More recent treatments and research accomplishments include -

Gene Therapy for Metastatic Melanoma - This gene therapy can produce complete remission of metastatic melanoma in mice. Researchers at the Indiana University School of Medicine have used a modified lentivirus, a potent and viable viral vector, to introduce a potent anti-melanoma T cell receptor genes into the hematopoietic stem cells (bone marrow cells producing all blood and immune system cells) of mice. The T cell gene works to recognize a specific protein found on the surface of melanoma. It is isolated and cloned from a patient with melanoma. The genetically modified stems cells are then transplanted directly back into the hosts and found to eradicate metastatic melanoma for the entire life time of the mice.(Citataion 28)

Gene Therapy Treatment for Color Blindness - As reported in the journal Nature, researchers were able to successfully treat color blindness in monkeys, a treatment which holds immense potential for correcting this condition in human beings. In monkeys, full color vision requires two versions of the opsin gene carried on the X chromosome. One of the versions codes for a red-detecting photoreceptor. The other version codes for a green-detecting photoreceptor. As the male monkeys have only one X chromosome, they carry only one version of the gene and thus, they are inevitably red–green color blind.

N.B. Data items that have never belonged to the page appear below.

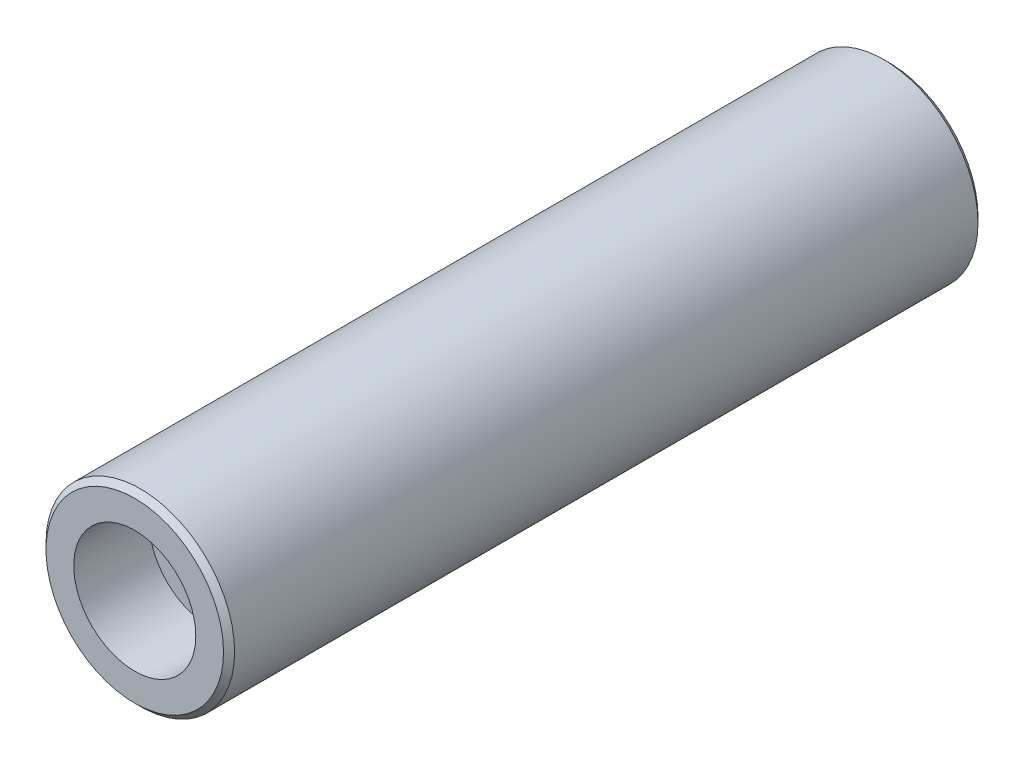
ISO-10303-21;
HEADER;
FILE_DESCRIPTION(('STEP AP214'),'2;1');
FILE_NAME('part.step','',(''),(''),'','','');
FILE_SCHEMA(('AUTOMOTIVE_DESIGN { 1 0 10303 214 1 1 1 1 }'));
ENDSEC;
DATA;
#1=APPLICATION_CONTEXT('core data for automotive mechanical design processes');
#2=APPLICATION_PROTOCOL_DEFINITION('international standard','automotive_design',2000,#1);
#3=PRODUCT_CONTEXT('',#1,'mechanical');
#4=PRODUCT('Part','Part','',(#3));
#5=PRODUCT_RELATED_PRODUCT_CATEGORY('part','',(#4));
#6=PRODUCT_DEFINITION_FORMATION('','',#4);
#7=PRODUCT_DEFINITION_CONTEXT('part definition',#1,'design');
#8=PRODUCT_DEFINITION('design','',#6,#7);
#9=PRODUCT_DEFINITION_SHAPE('','',#8);
#10=(LENGTH_UNIT() NAMED_UNIT(*) SI_UNIT(.MILLI.,.METRE.));
#11=(NAMED_UNIT(*) PLANE_ANGLE_UNIT() SI_UNIT($,.RADIAN.));
#12=(NAMED_UNIT(*) SI_UNIT($,.STERADIAN.) SOLID_ANGLE_UNIT());
#13=UNCERTAINTY_MEASURE_WITH_UNIT(LENGTH_MEASURE(1.E-05),#10,'distance_accuracy_value','');
#14=(GEOMETRIC_REPRESENTATION_CONTEXT(3) GLOBAL_UNCERTAINTY_ASSIGNED_CONTEXT((#13)) GLOBAL_UNIT_ASSIGNED_CONTEXT((#10,
#11,#12)) REPRESENTATION_CONTEXT('',''));
#15=CARTESIAN_POINT('',(0.,0.,0.));
#16=DIRECTION('',(0.,0.,1.));
#17=DIRECTION('',(1.,0.,0.));
#18=AXIS2_PLACEMENT_3D('',#15,#16,#17);
#19=CARTESIAN_POINT('',(-11.7254706962054,-50.937423365936,68.));
#20=DIRECTION('',(0.,0.,-1.));
#21=DIRECTION('',(-1.,0.,0.));
#22=AXIS2_PLACEMENT_3D('',#19,#20,#21);
#23=CYLINDRICAL_SURFACE('',#22,8.5);
#24=CARTESIAN_POINT('',(-11.7254706962054,-50.937423365936,0.499999999999987));
#25=DIRECTION('',(0.,0.,1.));
#26=DIRECTION('',(1.,0.,0.));
#27=AXIS2_PLACEMENT_3D('',#24,#25,#26);
#28=CIRCLE('',#27,8.5);
#29=CARTESIAN_POINT('',(-3.22547069620537,-50.937423365936,0.499999999999987));
#30=VERTEX_POINT('',#29);
#31=EDGE_CURVE('E46',#30,#30,#28,.T.);
#32=ORIENTED_EDGE('',*,*,#31,.T.);
#33=EDGE_LOOP('',(#32));
#34=FACE_BOUND('',#33,.T.);
#35=CARTESIAN_POINT('',(-11.7254706962054,-50.937423365936,67.5));
#36=DIRECTION('',(0.,0.,1.));
#37=DIRECTION('',(1.,0.,0.));
#38=AXIS2_PLACEMENT_3D('',#35,#36,#37);
#39=CIRCLE('',#38,8.5);
#40=CARTESIAN_POINT('',(-3.22547069620537,-50.937423365936,67.5));
#41=VERTEX_POINT('',#40);
#42=EDGE_CURVE('E50',#41,#41,#39,.F.);
#43=ORIENTED_EDGE('',*,*,#42,.T.);
#44=EDGE_LOOP('',(#43));
#45=FACE_BOUND('',#44,.T.);
#46=ADVANCED_FACE('F35',(#34,#45),#23,.T.);
#47=CARTESIAN_POINT('',(-11.7254706962054,-50.937423365936,68.));
#48=DIRECTION('',(0.,0.,1.));
#49=DIRECTION('',(1.,0.,0.));
#50=AXIS2_PLACEMENT_3D('',#47,#48,#49);
#51=PLANE('',#50);
#52=CARTESIAN_POINT('',(-11.7254706962054,-50.937423365936,68.));
#53=DIRECTION('',(0.,0.,1.));
#54=DIRECTION('',(1.,0.,0.));
#55=AXIS2_PLACEMENT_3D('',#52,#53,#54);
#56=CIRCLE('',#55,7.99999999999998);
#57=CARTESIAN_POINT('',(-3.72547069620539,-50.937423365936,68.));
#58=VERTEX_POINT('',#57);
#59=EDGE_CURVE('E10',#58,#58,#56,.T.);
#60=ORIENTED_EDGE('',*,*,#59,.T.);
#61=EDGE_LOOP('',(#60));
#62=FACE_BOUND('',#61,.T.);
#63=CARTESIAN_POINT('',(-11.7254706962057,-50.9374233659371,68.));
#64=DIRECTION('',(0.,0.,1.));
#65=DIRECTION('',(1.,0.,0.));
#66=AXIS2_PLACEMENT_3D('',#63,#64,#65);
#67=CIRCLE('',#66,5.49999999999999);
#68=CARTESIAN_POINT('',(-6.22547069620573,-50.9374233659371,68.));
#69=VERTEX_POINT('',#68);
#70=EDGE_CURVE('E64',#69,#69,#67,.T.);
#71=ORIENTED_EDGE('',*,*,#70,.F.);
#72=EDGE_LOOP('',(#71));
#73=FACE_BOUND('',#72,.T.);
#74=ADVANCED_FACE('F70',(#62,#73),#51,.T.);
#75=CARTESIAN_POINT('',(-11.7254706962054,-50.937423365936,0.));
#76=DIRECTION('',(0.,0.,1.));
#77=DIRECTION('',(1.,0.,0.));
#78=AXIS2_PLACEMENT_3D('',#75,#76,#77);
#79=PLANE('',#78);
#80=CARTESIAN_POINT('',(-11.7254706962054,-50.937423365936,0.));
#81=DIRECTION('',(0.,0.,1.));
#82=DIRECTION('',(1.,0.,0.));
#83=AXIS2_PLACEMENT_3D('',#80,#81,#82);
#84=CIRCLE('',#83,8.00000000000001);
#85=CARTESIAN_POINT('',(-3.72547069620536,-50.937423365936,0.));
#86=VERTEX_POINT('',#85);
#87=EDGE_CURVE('E42',#86,#86,#84,.F.);
#88=ORIENTED_EDGE('',*,*,#87,.T.);
#89=EDGE_LOOP('',(#88));
#90=FACE_BOUND('',#89,.T.);
#91=CARTESIAN_POINT('',(-11.7254706962057,-50.9374233659371,0.));
#92=DIRECTION('',(0.,0.,1.));
#93=DIRECTION('',(1.,0.,0.));
#94=AXIS2_PLACEMENT_3D('',#91,#92,#93);
#95=CIRCLE('',#94,3.49999999999998);
#96=CARTESIAN_POINT('',(-8.22547069620575,-50.9374233659371,0.));
#97=VERTEX_POINT('',#96);
#98=EDGE_CURVE('E55',#97,#97,#95,.T.);
#99=ORIENTED_EDGE('',*,*,#98,.T.);
#100=EDGE_LOOP('',(#99));
#101=FACE_BOUND('',#100,.T.);
#102=ADVANCED_FACE('F72',(#90,#101),#79,.F.);
#103=CARTESIAN_POINT('',(-11.7254706962057,-50.9374233659371,68.));
#104=DIRECTION('',(0.,0.,1.));
#105=DIRECTION('',(1.,0.,0.));
#106=AXIS2_PLACEMENT_3D('',#103,#104,#105);
#107=CYLINDRICAL_SURFACE('',#106,3.49999999999999);
#108=ORIENTED_EDGE('',*,*,#98,.F.);
#109=EDGE_LOOP('',(#108));
#110=FACE_BOUND('',#109,.T.);
#111=CARTESIAN_POINT('',(-11.7254706962057,-50.9374233659371,61.2));
#112=DIRECTION('',(0.,0.,1.));
#113=DIRECTION('',(1.,0.,0.));
#114=AXIS2_PLACEMENT_3D('',#111,#112,#113);
#115=CIRCLE('',#114,3.5);
#116=CARTESIAN_POINT('',(-8.22547069620572,-50.9374233659371,61.2));
#117=VERTEX_POINT('',#116);
#118=EDGE_CURVE('E58',#117,#117,#115,.T.);
#119=ORIENTED_EDGE('',*,*,#118,.T.);
#120=EDGE_LOOP('',(#119));
#121=FACE_BOUND('',#120,.T.);
#122=ADVANCED_FACE('F78',(#110,#121),#107,.F.);
#123=CARTESIAN_POINT('',(-8.22547069620572,-50.9374233659371,61.2));
#124=DIRECTION('',(0.,0.,-1.));
#125=DIRECTION('',(-1.,0.,0.));
#126=AXIS2_PLACEMENT_3D('',#123,#124,#125);
#127=PLANE('',#126);
#128=ORIENTED_EDGE('',*,*,#118,.F.);
#129=EDGE_LOOP('',(#128));
#130=FACE_BOUND('',#129,.T.);
#131=CARTESIAN_POINT('',(-11.7254706962057,-50.9374233659371,61.2));
#132=DIRECTION('',(0.,0.,1.));
#133=DIRECTION('',(1.,0.,0.));
#134=AXIS2_PLACEMENT_3D('',#131,#132,#133);
#135=CIRCLE('',#134,5.5);
#136=CARTESIAN_POINT('',(-6.22547069620573,-50.9374233659371,61.2));
#137=VERTEX_POINT('',#136);
#138=EDGE_CURVE('E61',#137,#137,#135,.T.);
#139=ORIENTED_EDGE('',*,*,#138,.T.);
#140=EDGE_LOOP('',(#139));
#141=FACE_BOUND('',#140,.T.);
#142=ADVANCED_FACE('F92',(#130,#141),#127,.F.);
#143=CARTESIAN_POINT('',(-11.7254706962057,-50.9374233659371,68.));
#144=DIRECTION('',(0.,0.,1.));
#145=DIRECTION('',(1.,0.,0.));
#146=AXIS2_PLACEMENT_3D('',#143,#144,#145);
#147=CYLINDRICAL_SURFACE('',#146,5.5);
#148=ORIENTED_EDGE('',*,*,#138,.F.);
#149=EDGE_LOOP('',(#148));
#150=FACE_BOUND('',#149,.T.);
#151=ORIENTED_EDGE('',*,*,#70,.T.);
#152=EDGE_LOOP('',(#151));
#153=FACE_BOUND('',#152,.T.);
#154=ADVANCED_FACE('F68',(#150,#153),#147,.F.);
#155=CARTESIAN_POINT('',(-11.7254706962054,-50.937423365936,0.499999999999987));
#156=DIRECTION('',(0.,0.,1.));
#157=DIRECTION('',(1.,0.,0.));
#158=AXIS2_PLACEMENT_3D('',#155,#156,#157);
#159=CONICAL_SURFACE('',#158,8.5,0.785398163397455);
#160=ORIENTED_EDGE('',*,*,#87,.F.);
#161=EDGE_LOOP('',(#160));
#162=FACE_BOUND('',#161,.T.);
#163=ORIENTED_EDGE('',*,*,#31,.F.);
#164=EDGE_LOOP('',(#163));
#165=FACE_BOUND('',#164,.T.);
#166=ADVANCED_FACE('F84',(#162,#165),#159,.T.);
#167=CARTESIAN_POINT('',(-11.7254706962054,-50.937423365936,68.));
#168=DIRECTION('',(0.,0.,-1.));
#169=DIRECTION('',(-1.,0.,0.));
#170=AXIS2_PLACEMENT_3D('',#167,#168,#169);
#171=CONICAL_SURFACE('',#170,7.99999999999998,0.785398163397441);
#172=ORIENTED_EDGE('',*,*,#42,.F.);
#173=EDGE_LOOP('',(#172));
#174=FACE_BOUND('',#173,.T.);
#175=ORIENTED_EDGE('',*,*,#59,.F.);
#176=EDGE_LOOP('',(#175));
#177=FACE_BOUND('',#176,.T.);
#178=ADVANCED_FACE('F37',(#174,#177),#171,.T.);
#179=CLOSED_SHELL('',(#46,#74,#102,#122,#142,#154,#166,#178));
#180=MANIFOLD_SOLID_BREP('B2',#179);
#181=ADVANCED_BREP_SHAPE_REPRESENTATION('',(#18,#180),#14);
#182=SHAPE_DEFINITION_REPRESENTATION(#9,#181);
ENDSEC;
END-ISO-10303-21;

A similar type of deficiency accounts for most common form of dichromatic color blindness in humans. The researchers introduced human form of the red-detecting opsin gene into a viral vector, and injected the virus behind the retina of two male squirrel monkeys. After 20 weeks, the monkeys' color skills improved dramatically. Jay Neitz, of the University of Washington, Seattle, who was a member of the team which carried out the treatment, remarked, “Here is an animal that is a perfect model for the human condition.”(Citation 29)

Gene Therapy for Inherited Blindness - Researchers from UCL Institute of Ophthalmology and Moorfields Eye Hospital NIHR Biomedical Research Centre have demonstrated an experimental treatment which can improve sight for a type of inherited blindness.(Citation 30)

Gene Therapy + Nano-Particle Treatment for Cancer - Researchers from UCL Institute of Ophthalmology and Moorfields Eye Hospital NIHR Biomedical Research Centre have demonstrated an experimental treatment which can improve sight for a type of inherited blindness.